Conservation (also known as demand-side management or DSM) is another pathway to meeting both generation and capacity targets. Such measures generally cost much less than acquiring new power, and include pricing and time-shifting incentives like getting people’s electric cars charged in the middle of the night or whenever renewable resources are plentiful. While a base level of DSM is included in the IRP, more aggressive measures could be contemplated that would further reduce the need for additional supply.
Finally, the IRP barely touches on imports and exports of electricity. Historically, BC Hydro has had an electricity surplus that it exported to the United States, while also being able to profit from arbitrage, or importing power when electricity was cheap and selling it as exported power when expensive. Low water levels amid increased drought in recent years have altered this equation. In 2024, BC Hydro had net imports of 13,600 GWh, almost one-quarter of power sales. In 2025 that deficit is projected to about half as large, and after 2026 it is projected to return to surplus electricity.
BC Hydro spent about $1.8 billion on electricity imports net of exports in 2024 and 2025. If the recent drought is not a temporary phenomenon, and more of an indicator of a new normal, BC Hydro’s planning framework could be subject to regular years when the province does not produce enough electricity to meet committed demand, and would have to import power at market prices.
The IRP proceedings at the BC Utilities Commission are continuing through Spring 2026. As intervenors make comments and the commission asks for additional information, greater clarity from BC Hydro may emerge about whether it is serious about meeting the potentially massive increase in demand from big resource industries, data centres and electrification of the domestic economy.
It is widely believed that electrification of the economy, as quickly as possible, is a key part of climate action in BC. Reducing greenhouse gas emissions and long-term sustainability require substantial new investments in clean electricity supply.
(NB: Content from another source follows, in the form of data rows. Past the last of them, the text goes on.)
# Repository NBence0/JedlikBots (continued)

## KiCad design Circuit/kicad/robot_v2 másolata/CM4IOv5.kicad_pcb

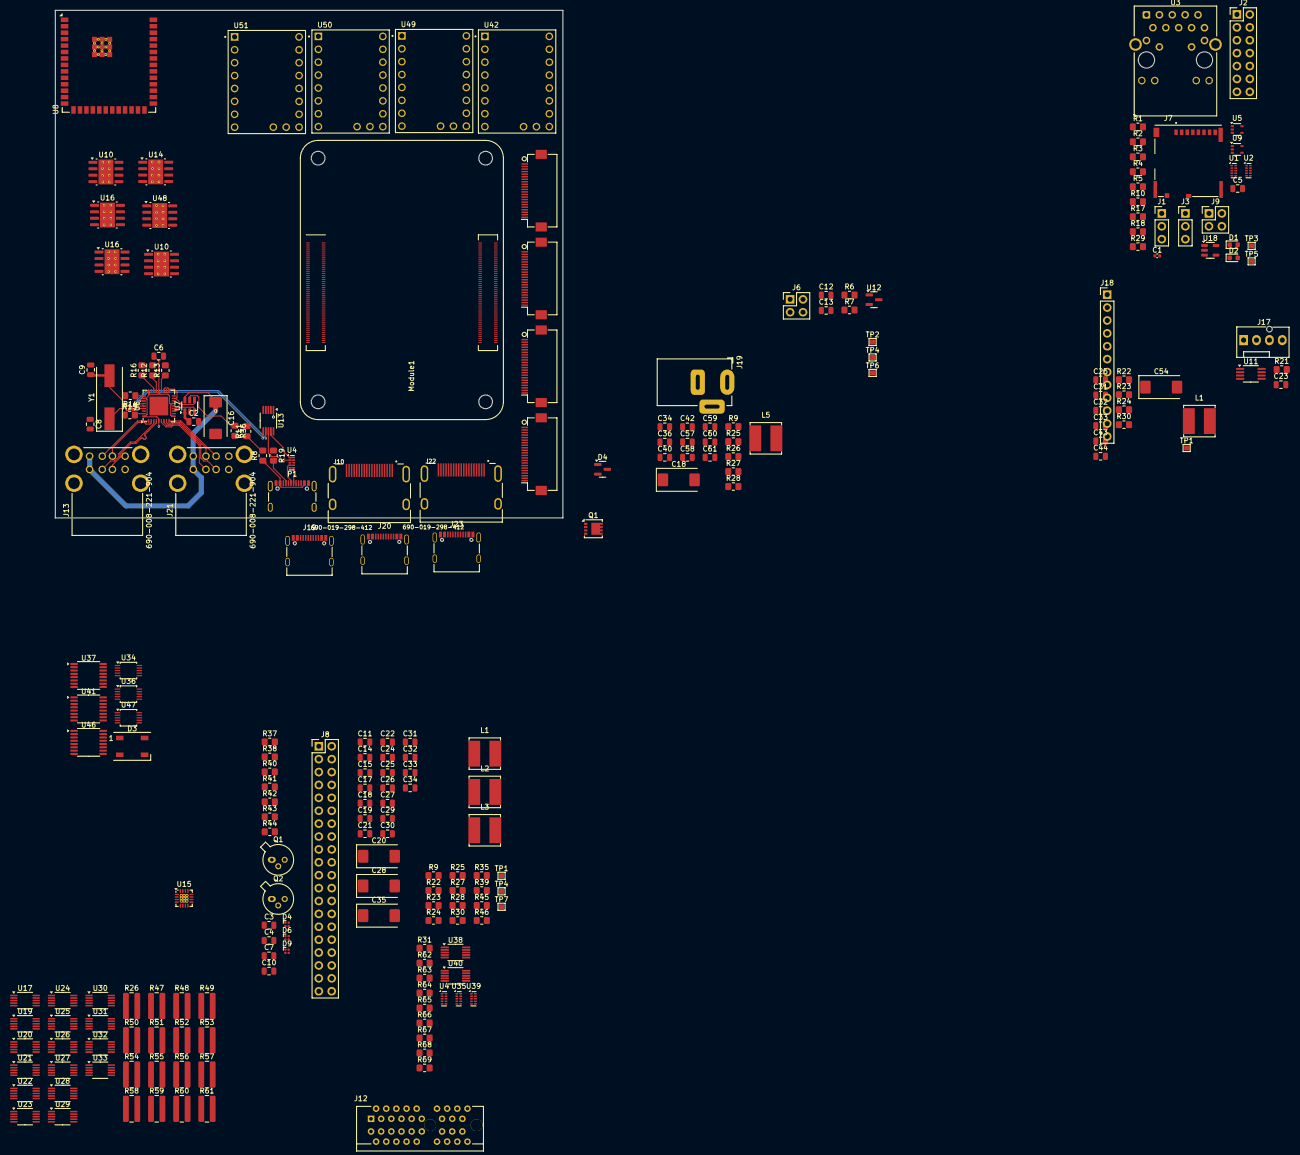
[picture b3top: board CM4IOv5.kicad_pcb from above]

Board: 4 copper layers, 100.0 x 100.0 mm, 226 parts (0 on the bottom side), 295 nets.

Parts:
C1: 100n; C_0402_1005Metric
C2, C5: 10u; C_0805_2012Metric
C3, C7: 100nf; C_0805_2012Metric
C4: 1uf; C_0805_2012Metric
C6: 100u; C_0805_2012Metric
C8, C9: 27pF; C_0805_2012Metric
C10: 100uf; C_0805_2012Metric
C11, C21, C25, C29, C34#2, C42: 10u 35v; C_0805_2012Metric
C12, C13, C14, C15, C22, C23, C24, C30, C31, C31#2, C32, C40, C57, C58: 100n; C_0805_2012Metric
C16, C18#2, C20, C28, C35, C54: 100uF; CP_EIA-7343-31_Kemet-D
C17, C19, C25#2, C27, C32#2, C33#2, C34, C44, C59, C61: nf; C_0805_2012Metric
C18, C26, C33, C43, C60: 1.2nF; C_0805_2012Metric
C36: 100n 100v; C_0805_2012Metric
D1: LED Red; LED_0603_1608Metric
D2: LED Green; LED_0603_1608Metric
D3: WS2812B; LED_WS2812B_PLCC4_5.0x5.0mm_P3.2mm
D4, D6, D9: LED; LED_Lumex_SML-LX0303SIUPGUSB
D4#2: MMBZ5242BLT3G; SOT-23
J1, J3: Conn_01x03; PinHeader_1x03_P2.54mm_Vertical
J2: Conn_02x07_Odd_Even; PinHeader_2x07_P2.54mm_Vertical
J4, J5, J15, J16: Conn_01x22_Female; Hirose_FH12-22S-0.5SH_1x22-1MP_P0.50mm_Horizontal
J6, J9: THD-02-R; PinHeader_2x02_P2.54mm_Vertical
J7: Micro_SD_Card_Det; SDCARD_MOLEX_503398-1892
J8: THD-20-R; PinHeader_2x20_P2.54mm_Vertical
J10, J22: 690-019-298-412; EDAC 690-019-298-412
J12: 10018783-11200TLF; PCIex1-36
J13, J21: 690-008-221-904; MOLEX_USB_67298-4090
J17: Molex 470531000; FanPinHeader_1x04_P2.54mm_Vertical
J18: Conn_01x12_Pin; PinHeader_1x12_P2.54mm_Vertical
J19, J20, J23: USB_C_Receptacle_USB2.0_16P; USB_C_Receptacle_Palconn_UTC16-G
J19#2: Barrel_Jack; BarrelJack_Horizontal
L1, L1#2, L2, L3, L5: SRN6045TA-3R3Y; L_Bourns_SRN6045TA
Module1: ComputeModule4; Raspberry-Pi-4-Compute-Module
P1: USB_C_Plug_USB2.0; USB_C_Receptacle_GCT_USB4105-xx-A_16P_TopMnt_Horizontal
Q1: DMP3013SFV-7; Diodes_PowerDI3333-8
Q1#2, Q2: SS8050-G; TO-18-3_Lens
R1, R10, R37, R38, R44: 1k; R_0805_2012Metric_Pad1.20x1.40mm_HandSolder
R2, R3: 470R; R_0805_2012Metric_Pad1.20x1.40mm_HandSolder
R4, R17, R18: nf; R_0805_2012Metric_Pad1.20x1.40mm_HandSolder
R5: 0R; R_0805_2012Metric_Pad1.20x1.40mm_HandSolder
R6, R7, R8, R11, R28, R28#2, R62, R63, R66, R67: 2.2K 1%; R_0805_2012Metric_Pad1.20x1.40mm_HandSolder
R9, R9#2, R22, R22#2, R35: 10R; R_0805_2012Metric_Pad1.20x1.40mm_HandSolder
R12, R13, R14, R16, R21: 36K 1%; R_0805_2012Metric_Pad1.20x1.40mm_HandSolder
R15, R23, R23#2, R25, R26, R27, R27#2, R29: 12K 1%; R_0805_2012Metric_Pad1.20x1.40mm_HandSolder
R19, R31, R64, R65, R68, R69: 5.1K 1%; R_0805_2012Metric_Pad1.20x1.40mm_HandSolder
R24, R24#2: 47K 1%; R_0805_2012Metric_Pad1.20x1.40mm_HandSolder
R25#2: 20K 1%; R_0805_2012Metric_Pad1.20x1.40mm_HandSolder
R26#2, R47, R48, R49, R50, R51, R52, R53, R54, R55, R56, R57, R58, R59, R60, R61: 0.025Ω; R_1020_2550Metric
R30, R30#2, R36: 15K 1%; R_0805_2012Metric_Pad1.20x1.40mm_HandSolder
R39: 33K 1%; R_0805_2012Metric_Pad1.20x1.40mm_HandSolder
R40, R41, R42, R43: 10k; R_0805_2012Metric_Pad1.20x1.40mm_HandSolder
R45: 13K 1%; R_0805_2012Metric_Pad1.20x1.40mm_HandSolder
R46: 110K 1%; R_0805_2012Metric_Pad1.20x1.40mm_HandSolder
TP1, TP1#2, TP2, TP3, TP4, TP4#2, TP5, TP6, TP7: TestPoint; TestPoint_Pad_1.0x1.0mm
U1, U2, U4, U4#2, U35, U39: TPD4EUSB30; USON-10_2.5x1.0mm_P0.5mm
U3: MagJack-A70-112-331N126; TRJG0926HENL
U5, U9: 74LVC1G07SE-7; SOT-353_SC-70-5
U6: USB2514B-I/M2; QFN-36-1EP_6x6mm_P0.5mm_EP3.7x3.7mm
U7: AP22653W6; SOT-23-6
U8: ESP32-S3-WROOM-2
U10, U10#2, U14, U16, U16#2, U48: AP64501SP-13; SOIC-8-1EP_3.9x4.9mm_P1.27mm_EP2.95x4.9mm_Mask2.71x3.4mm_Th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
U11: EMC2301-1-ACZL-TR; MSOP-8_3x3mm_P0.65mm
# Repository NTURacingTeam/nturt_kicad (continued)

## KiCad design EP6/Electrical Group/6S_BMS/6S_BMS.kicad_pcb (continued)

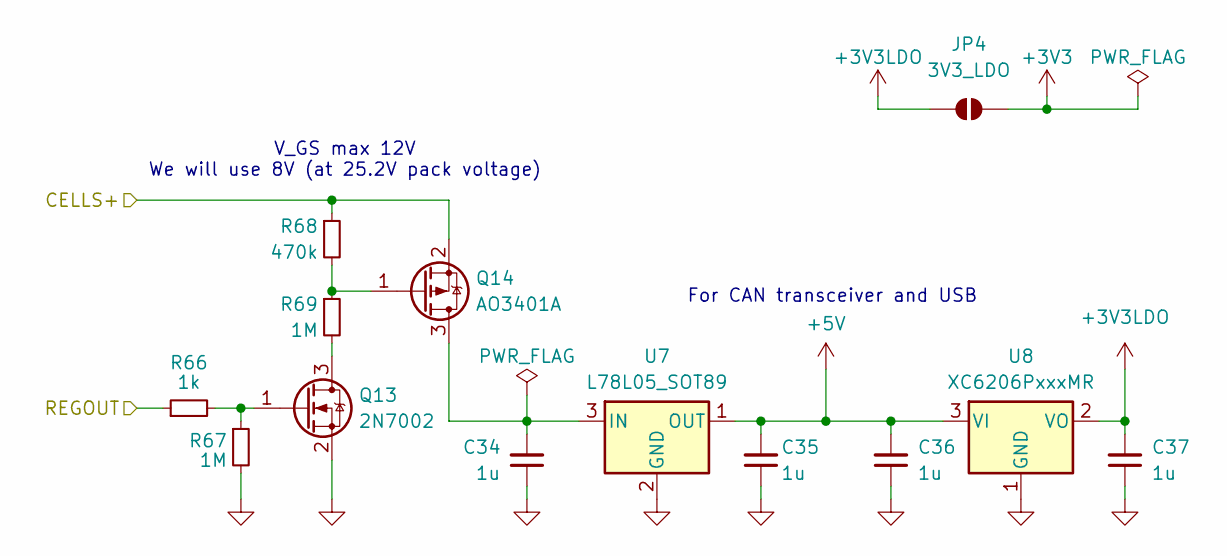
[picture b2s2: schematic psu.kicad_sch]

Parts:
C34, C35, C36, C37: 1u; C_0402_1005Metric
JP4: 3V3_LDO; SolderJumper-2_P1.3mm_Open_TrianglePad1.0x1.5mm
Q13: 2N7002; SOT-23
Q14: AO3401A; SOT-23
R66: 1k; R_0402_1005Metric
R67, R69: 1M; R_0402_1005Metric
R68: 470k; R_0402_1005Metric
U7: L78L05_SOT89; SOT-89-3
U8: XC6206PxxxMR; SOT-23-3

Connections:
+3V3: JP4.1 (A); also elsewhere on the board
+3V3LDO: C37.2, JP4.2 (B), U8.2 (VO)
+5V: C35.2, C36.2, U7.1 (OUT), U8.3 (VI); also elsewhere on the board
/CELLS+: Q14.2 (S), R68.1; also elsewhere on the board
/REGOUT: R66.1; also elsewhere on the board
GND: C34.1, C35.1, C36.1, C37.1, Q13.2 (S), R67.2, U7.2 (GND), U8.1 (GND); also elsewhere on the board
unnamed: Q13.3 (D), R69.2
unnamed: Q13.1 (G), R66.2, R67.1
unnamed: C34.2, Q14.3 (D), U7.3 (IN)
unnamed: Q14.1 (G), R68.2, R69.1

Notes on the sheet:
For CAN transceiver and USB
V_GS max 12V We will use 8V (at 25.2V pack voltage)

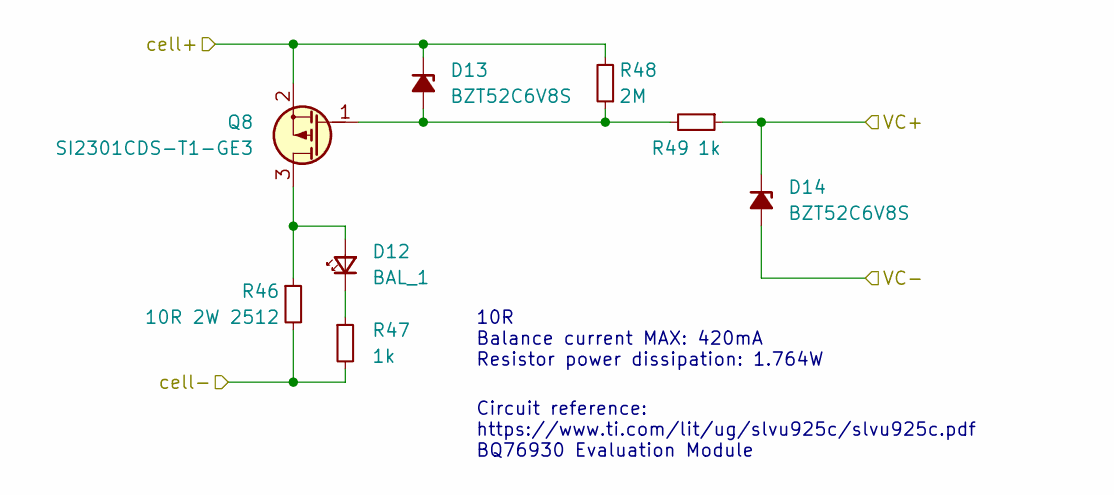
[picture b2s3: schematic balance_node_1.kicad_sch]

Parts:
D12: BAL_1; LED_0603_1608Metric
D13, D14: BZT52C6V8S; D_SOD-323
Q8: SI2301CDS-T1-GE3; SOT-23
R46: 10R 2W 2512; R_2512_6332Metric
R47, R49: 1k; R_0402_1005Metric
R48: 2M; R_0402_1005Metric

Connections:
/Balance Node 1/cell-: D13.1 (K), Q8.2 (S), R48.2; also elsewhere on the board
/C4: D14.2 (A); also elsewhere on the board
/C5: D14.1 (K), R49.1; also elsewhere on the board
unnamed: D12.1 (K), R47.1
unnamed: D13.2 (A), Q8.1 (G), R48.1, R49.2

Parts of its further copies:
D9, D15, D18, D21, D24: BAL_1; LED_0603_1608Metric
D10, D11, D16, D17, D19, D20, D22, D23, D25, D26: BZT52C6V8S; D_SOD-323
Q7, Q9, Q10, Q11, Q12: SI2301CDS-T1-GE3; SOT-23
R42, R50, R54, R58, R62: 10R 2W 2512; R_2512_6332Metric
R43, R51, R53, R55, R57, R59, R61, R63, R65: 1k; R_0402_1005Metric
R44, R52, R56, R60, R64: 2M; R_0402_1005Metric

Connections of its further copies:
/Balance Node 1/cell+: D10.1 (K), Q7.2 (S), R44.2; also elsewhere on the board
/Balance Node 1/cell-: R42.2, R43.2; also elsewhere on the board
/Balance Node 4/cell-: D22.1 (K), Q11.2 (S), R54.2, R55.2, R60.2; also elsewhere on the board
/Balance Node 5/cell-: D25.1 (K), Q12.2 (S), R58.2, R59.2, R64.2; also elsewhere on the board
/C0: D26.2 (A); also elsewhere on the board
/C1: D23.2 (A), D26.1 (K), R65.1; also elsewhere on the board
/C2: D20.2 (A), D23.1 (K), R61.1; also elsewhere on the board
/C3: D20.1 (K), R57.1; also elsewhere on the board
/C3.5: D17.2 (A); also elsewhere on the board
/C4: D17.1 (K), R53.1; also elsewhere on the board
/C5: D11.2 (A); also elsewhere on the board
/CT3: D19.1 (K), Q10.2 (S), R50.2, R51.2, R56.2; also elsewhere on the board
CELL-: R62.2, R63.2; also elsewhere on the board
unnamed: D9.2 (A), Q7.3 (D), R42.1
unnamed: D9.1 (K), R43.1
unnamed: D15.2 (A), Q9.3 (D), R50.1
unnamed: D15.1 (K), R51.1
unnamed: D16.2 (A), Q9.1 (G), R52.1, R53.2
unnamed: D18.2 (A), Q10.3 (D), R54.1
unnamed: D18.1 (K), R55.1
unnamed: D19.2 (A), Q10.1 (G), R56.1, R57.2
unnamed: D21.2 (A), Q11.3 (D), R58.1
unnamed: D21.1 (K), R59.1
unnamed: D22.2 (A), Q11.1 (G), R60.1, R61.2
unnamed: D24.2 (A), Q12.3 (D), R62.1
unnamed: D24.1 (K), R63.1
unnamed: D25.2 (A), Q12.1 (G), R64.1, R65.2

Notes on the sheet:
10R Balance current MAX: 420mA Resistor power dissipation: 1.764W
Circuit reference: https://www.ti.com/lit/ug/slvu925c/slvu925c.pdf BQ76930 Evaluation Module

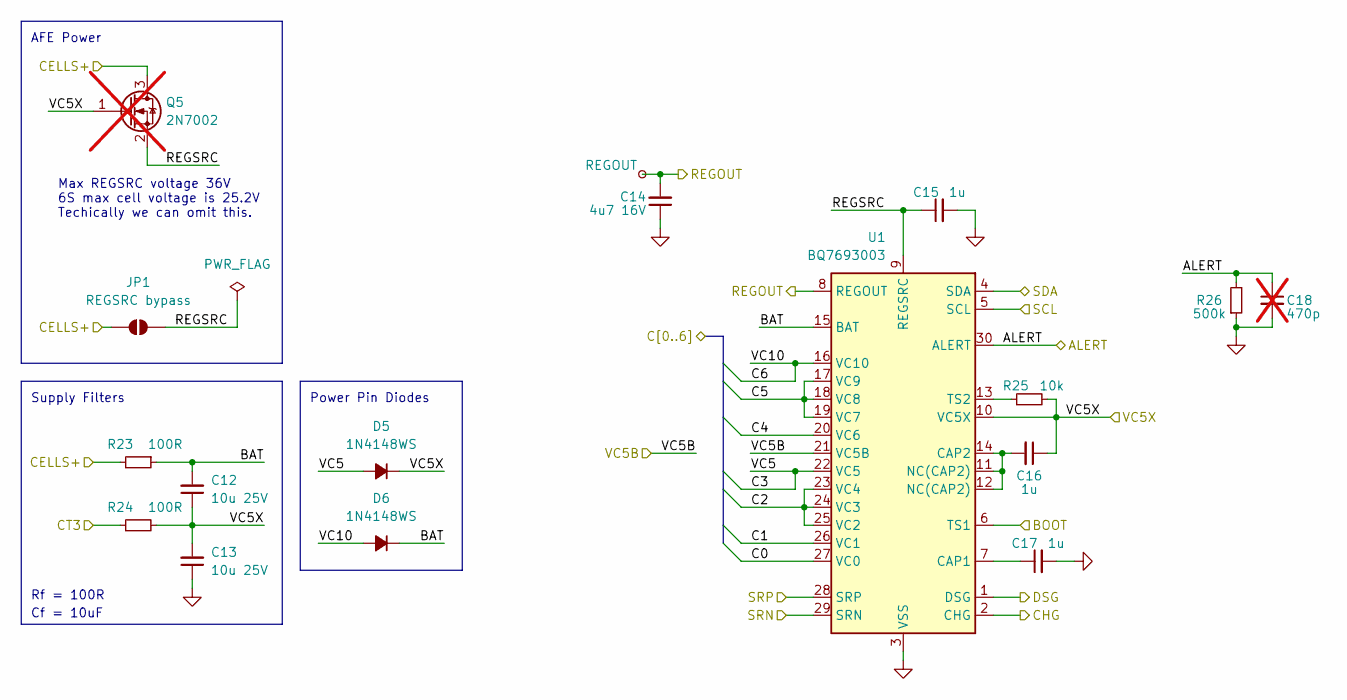
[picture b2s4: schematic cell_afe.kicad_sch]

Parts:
C12, C13: 10u 25V; C_0805_2012Metric
C14: 4u7 16V; C_0603_1608Metric
C15: 1u; C_0603_1608Metric
C16, C17: 1u; C_0402_1005Metric
C18: 470p; C_0402_1005Metric; not fitted
D5, D6: 1N4148WS; D_SOD-323
JP1: REGSRC bypass; SolderJumper-2_P1.3mm_Open_TrianglePad1.0x1.5mm
Q5: 2N7002; SOT-23; not fitted
R23, R24: 100R; R_0402_1005Metric
R25: 10k; R_0402_1005Metric
R26: 500k; R_0402_1005Metric
TP12: REGOUT; TestPoint_Pad_D1.0mm
U1: BQ7693003; TSSOP-30_4.4x7.8mm_P0.5mm

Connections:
/AFE/BAT: C12.2, D6.1 (K), R23.1, U1.15 (BAT)
/AFE/REGSRC: C15.1, JP1.1 (A), Q5.2 (S), U1.9 (REGSRC)
/ALERT: C18.1, R26.2, U1.30 (ALERT); also elsewhere on the board
/C0: U1.27 (VC0); also elsewhere on the board
/C1: U1.26 (VC1); also elsewhere on the board
/C2: U1.23 (VC4), U1.24 (VC3), U1.25 (VC2); also elsewhere on the board
/C3: D5.2 (A), U1.22 (VC5); also elsewhere on the board
/C3.5: U1.21 (VC5B); also elsewhere on the board
/C4: U1.20 (VC6); also elsewhere on the board
/C5: U1.17 (VC9), U1.18 (VC8), U1.19 (VC7); also elsewhere on the board
/CELLS+: JP1.2 (B), Q5.3 (D), R23.2; also elsewhere on the board
/CHG_EN: U1.2 (CHG); also elsewhere on the board
/CT3: R24.1; also elsewhere on the board
/DSC_EN: U1.1 (DSG); also elsewhere on the board
/MODE_CTL: U1.6 (TS1); also elsewhere on the board
/REGOUT: C14.2, TP12.1, U1.8 (REGOUT); also elsewhere on the board
/SCL: U1.5 (SCL); also elsewhere on the board
/SDA: U1.4 (SDA); also elsewhere on the board
/SRN: U1.29 (SRN); also elsewhere on the board
/SRP: U1.28 (SRP); also elsewhere on the board
/VC5X: C12.1, C13.2, C16.1, D5.1 (K), Q5.1 (G), R24.2, R25.2, U1.10 (VC5X); also elsewhere on the board
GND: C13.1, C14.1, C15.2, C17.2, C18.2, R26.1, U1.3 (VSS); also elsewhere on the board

Unfortunately, the IRP balks at making any projections based on the province meeting its GHG targets. It’s unfortunate that climate considerations have not been explicitly part of this exercise.
Whether we choose to ignore it or not, climate change is already affecting the electricity generation side. Future drought due to climate change could greatly undermine the available power supply from BC Hydro’s legacy dams. Additional transmission infrastructure could be also considered with expanded electricity cooperation via new interties with Alberta, Yukon and Northwestern states. This could improve system management and resilience of all jurisdictions.
A planning document that does not plan for BC meeting its legislated GHG targets is not a complete plan. A truly integrated approach to BC electricity is needed given multiple objectives and potentially large affordability impacts on BC households and businesses. BC Hydro should be sent back to the drawing board and required to do more detailed scenario planning before the BCUC approves its 2025 IRP.